# Exercise requirements
Copy out, from the entries below, each line holding the string "contours".

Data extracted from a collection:
--------------------

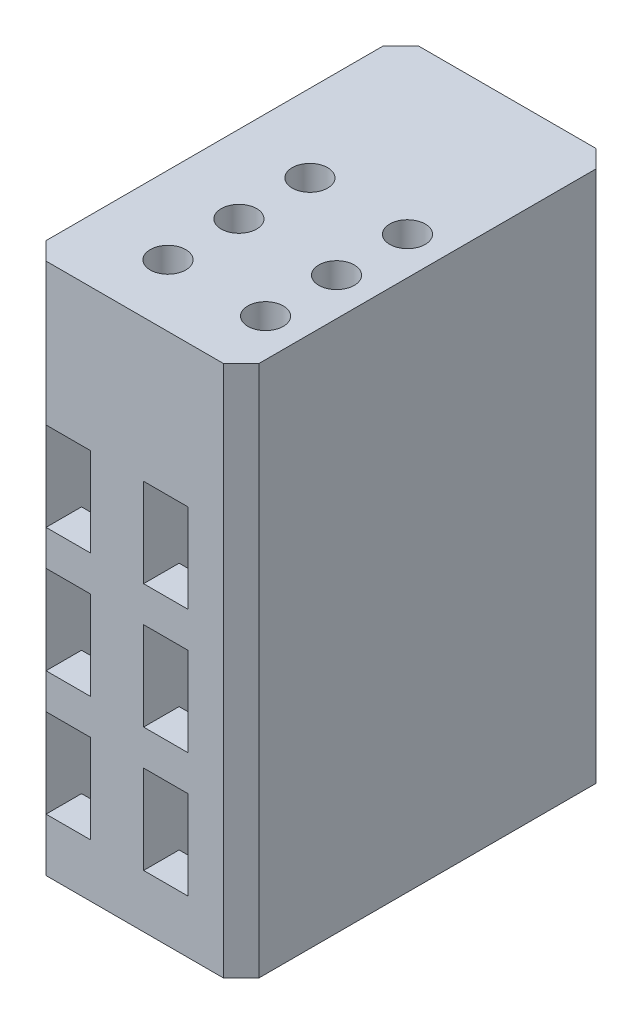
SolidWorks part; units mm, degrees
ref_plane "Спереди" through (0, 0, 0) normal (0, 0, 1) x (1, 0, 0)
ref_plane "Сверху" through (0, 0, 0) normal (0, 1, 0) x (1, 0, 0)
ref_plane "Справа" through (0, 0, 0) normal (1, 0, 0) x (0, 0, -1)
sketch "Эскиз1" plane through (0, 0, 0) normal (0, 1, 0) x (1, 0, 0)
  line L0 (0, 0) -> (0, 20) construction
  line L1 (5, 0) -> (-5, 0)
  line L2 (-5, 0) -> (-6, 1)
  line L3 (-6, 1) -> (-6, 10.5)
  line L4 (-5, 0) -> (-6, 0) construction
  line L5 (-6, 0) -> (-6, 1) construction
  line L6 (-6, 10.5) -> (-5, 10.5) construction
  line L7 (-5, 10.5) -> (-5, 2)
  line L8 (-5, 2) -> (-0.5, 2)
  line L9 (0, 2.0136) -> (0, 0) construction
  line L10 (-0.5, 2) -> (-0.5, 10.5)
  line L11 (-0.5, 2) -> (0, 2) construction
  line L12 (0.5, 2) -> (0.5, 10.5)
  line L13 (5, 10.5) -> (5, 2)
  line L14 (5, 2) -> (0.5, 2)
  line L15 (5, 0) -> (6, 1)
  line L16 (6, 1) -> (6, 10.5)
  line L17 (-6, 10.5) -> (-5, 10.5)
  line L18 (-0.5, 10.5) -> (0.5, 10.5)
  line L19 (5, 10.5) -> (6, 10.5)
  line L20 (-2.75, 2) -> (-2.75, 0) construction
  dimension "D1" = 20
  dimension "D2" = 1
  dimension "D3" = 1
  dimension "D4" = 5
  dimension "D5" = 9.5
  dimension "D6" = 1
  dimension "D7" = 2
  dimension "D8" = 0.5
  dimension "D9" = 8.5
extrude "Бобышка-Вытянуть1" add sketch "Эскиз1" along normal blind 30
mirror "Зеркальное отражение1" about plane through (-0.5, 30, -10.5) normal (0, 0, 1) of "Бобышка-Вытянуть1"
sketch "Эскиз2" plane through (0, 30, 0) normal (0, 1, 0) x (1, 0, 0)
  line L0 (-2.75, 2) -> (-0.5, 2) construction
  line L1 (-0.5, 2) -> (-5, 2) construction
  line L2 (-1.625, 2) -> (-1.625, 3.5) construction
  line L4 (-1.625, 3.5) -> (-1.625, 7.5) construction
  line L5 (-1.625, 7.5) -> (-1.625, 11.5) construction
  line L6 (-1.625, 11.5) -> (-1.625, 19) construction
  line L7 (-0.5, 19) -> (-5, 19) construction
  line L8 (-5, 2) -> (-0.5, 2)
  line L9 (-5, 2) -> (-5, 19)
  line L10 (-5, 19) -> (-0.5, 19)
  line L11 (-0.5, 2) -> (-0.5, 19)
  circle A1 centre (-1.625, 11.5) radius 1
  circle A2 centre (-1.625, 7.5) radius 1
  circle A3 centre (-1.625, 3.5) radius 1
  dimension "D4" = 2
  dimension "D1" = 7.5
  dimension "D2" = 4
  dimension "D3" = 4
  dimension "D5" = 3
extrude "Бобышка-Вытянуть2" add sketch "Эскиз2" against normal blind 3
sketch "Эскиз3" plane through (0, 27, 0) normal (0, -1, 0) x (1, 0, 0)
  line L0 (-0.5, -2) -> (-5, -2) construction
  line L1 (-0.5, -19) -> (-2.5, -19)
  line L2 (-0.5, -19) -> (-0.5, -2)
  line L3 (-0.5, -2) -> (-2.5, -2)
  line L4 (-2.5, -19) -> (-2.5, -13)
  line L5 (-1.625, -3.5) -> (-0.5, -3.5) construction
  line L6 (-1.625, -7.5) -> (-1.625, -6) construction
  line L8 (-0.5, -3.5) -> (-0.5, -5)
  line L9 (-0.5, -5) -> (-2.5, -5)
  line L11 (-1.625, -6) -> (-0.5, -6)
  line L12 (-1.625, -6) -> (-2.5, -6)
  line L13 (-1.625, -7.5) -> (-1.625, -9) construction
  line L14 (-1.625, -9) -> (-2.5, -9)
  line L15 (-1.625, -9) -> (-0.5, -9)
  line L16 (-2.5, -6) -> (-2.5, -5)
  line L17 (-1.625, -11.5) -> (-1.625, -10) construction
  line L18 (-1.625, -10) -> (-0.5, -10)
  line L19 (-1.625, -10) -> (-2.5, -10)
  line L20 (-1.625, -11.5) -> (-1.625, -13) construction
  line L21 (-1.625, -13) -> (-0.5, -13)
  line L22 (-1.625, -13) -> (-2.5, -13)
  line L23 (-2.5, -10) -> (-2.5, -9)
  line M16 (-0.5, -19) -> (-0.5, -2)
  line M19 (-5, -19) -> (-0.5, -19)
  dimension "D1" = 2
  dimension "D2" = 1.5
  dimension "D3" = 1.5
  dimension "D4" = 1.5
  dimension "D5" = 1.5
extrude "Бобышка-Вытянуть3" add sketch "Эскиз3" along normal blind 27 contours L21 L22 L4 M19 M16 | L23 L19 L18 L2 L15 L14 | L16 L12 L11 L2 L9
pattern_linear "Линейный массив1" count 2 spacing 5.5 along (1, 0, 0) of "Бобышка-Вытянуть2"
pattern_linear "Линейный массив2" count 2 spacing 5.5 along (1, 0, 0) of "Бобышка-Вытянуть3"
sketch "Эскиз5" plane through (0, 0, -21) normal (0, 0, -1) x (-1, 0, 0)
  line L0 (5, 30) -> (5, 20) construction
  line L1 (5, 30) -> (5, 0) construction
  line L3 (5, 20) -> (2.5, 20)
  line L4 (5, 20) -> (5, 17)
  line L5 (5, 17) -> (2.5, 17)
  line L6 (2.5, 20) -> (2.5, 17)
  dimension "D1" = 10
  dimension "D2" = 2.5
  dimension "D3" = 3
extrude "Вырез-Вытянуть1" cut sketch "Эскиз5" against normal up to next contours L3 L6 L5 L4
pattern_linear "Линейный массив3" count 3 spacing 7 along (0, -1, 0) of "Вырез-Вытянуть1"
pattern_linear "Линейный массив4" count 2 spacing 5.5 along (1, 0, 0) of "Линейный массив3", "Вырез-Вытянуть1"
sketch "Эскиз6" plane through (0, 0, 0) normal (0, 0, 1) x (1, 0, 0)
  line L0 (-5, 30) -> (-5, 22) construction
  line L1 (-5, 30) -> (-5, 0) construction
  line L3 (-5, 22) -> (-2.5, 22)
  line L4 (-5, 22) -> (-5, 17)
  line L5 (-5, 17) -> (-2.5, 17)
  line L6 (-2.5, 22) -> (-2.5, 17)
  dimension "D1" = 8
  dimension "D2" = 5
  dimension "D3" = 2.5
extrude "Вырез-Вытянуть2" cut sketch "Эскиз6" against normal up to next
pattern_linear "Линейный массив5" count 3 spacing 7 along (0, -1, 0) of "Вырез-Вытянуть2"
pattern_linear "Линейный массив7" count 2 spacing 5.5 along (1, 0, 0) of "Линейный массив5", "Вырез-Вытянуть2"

--------------------

# Solution for this problem
extrude "Бобышка-Вытянуть3" add sketch "Эскиз3" along normal blind 27 contours L21 L22 L4 M19 M16 | L23 L19 L18 L2 L15 L14 | L16 L12 L11 L2 L9
extrude "Вырез-Вытянуть1" cut sketch "Эскиз5" against normal up to next contours L3 L6 L5 L4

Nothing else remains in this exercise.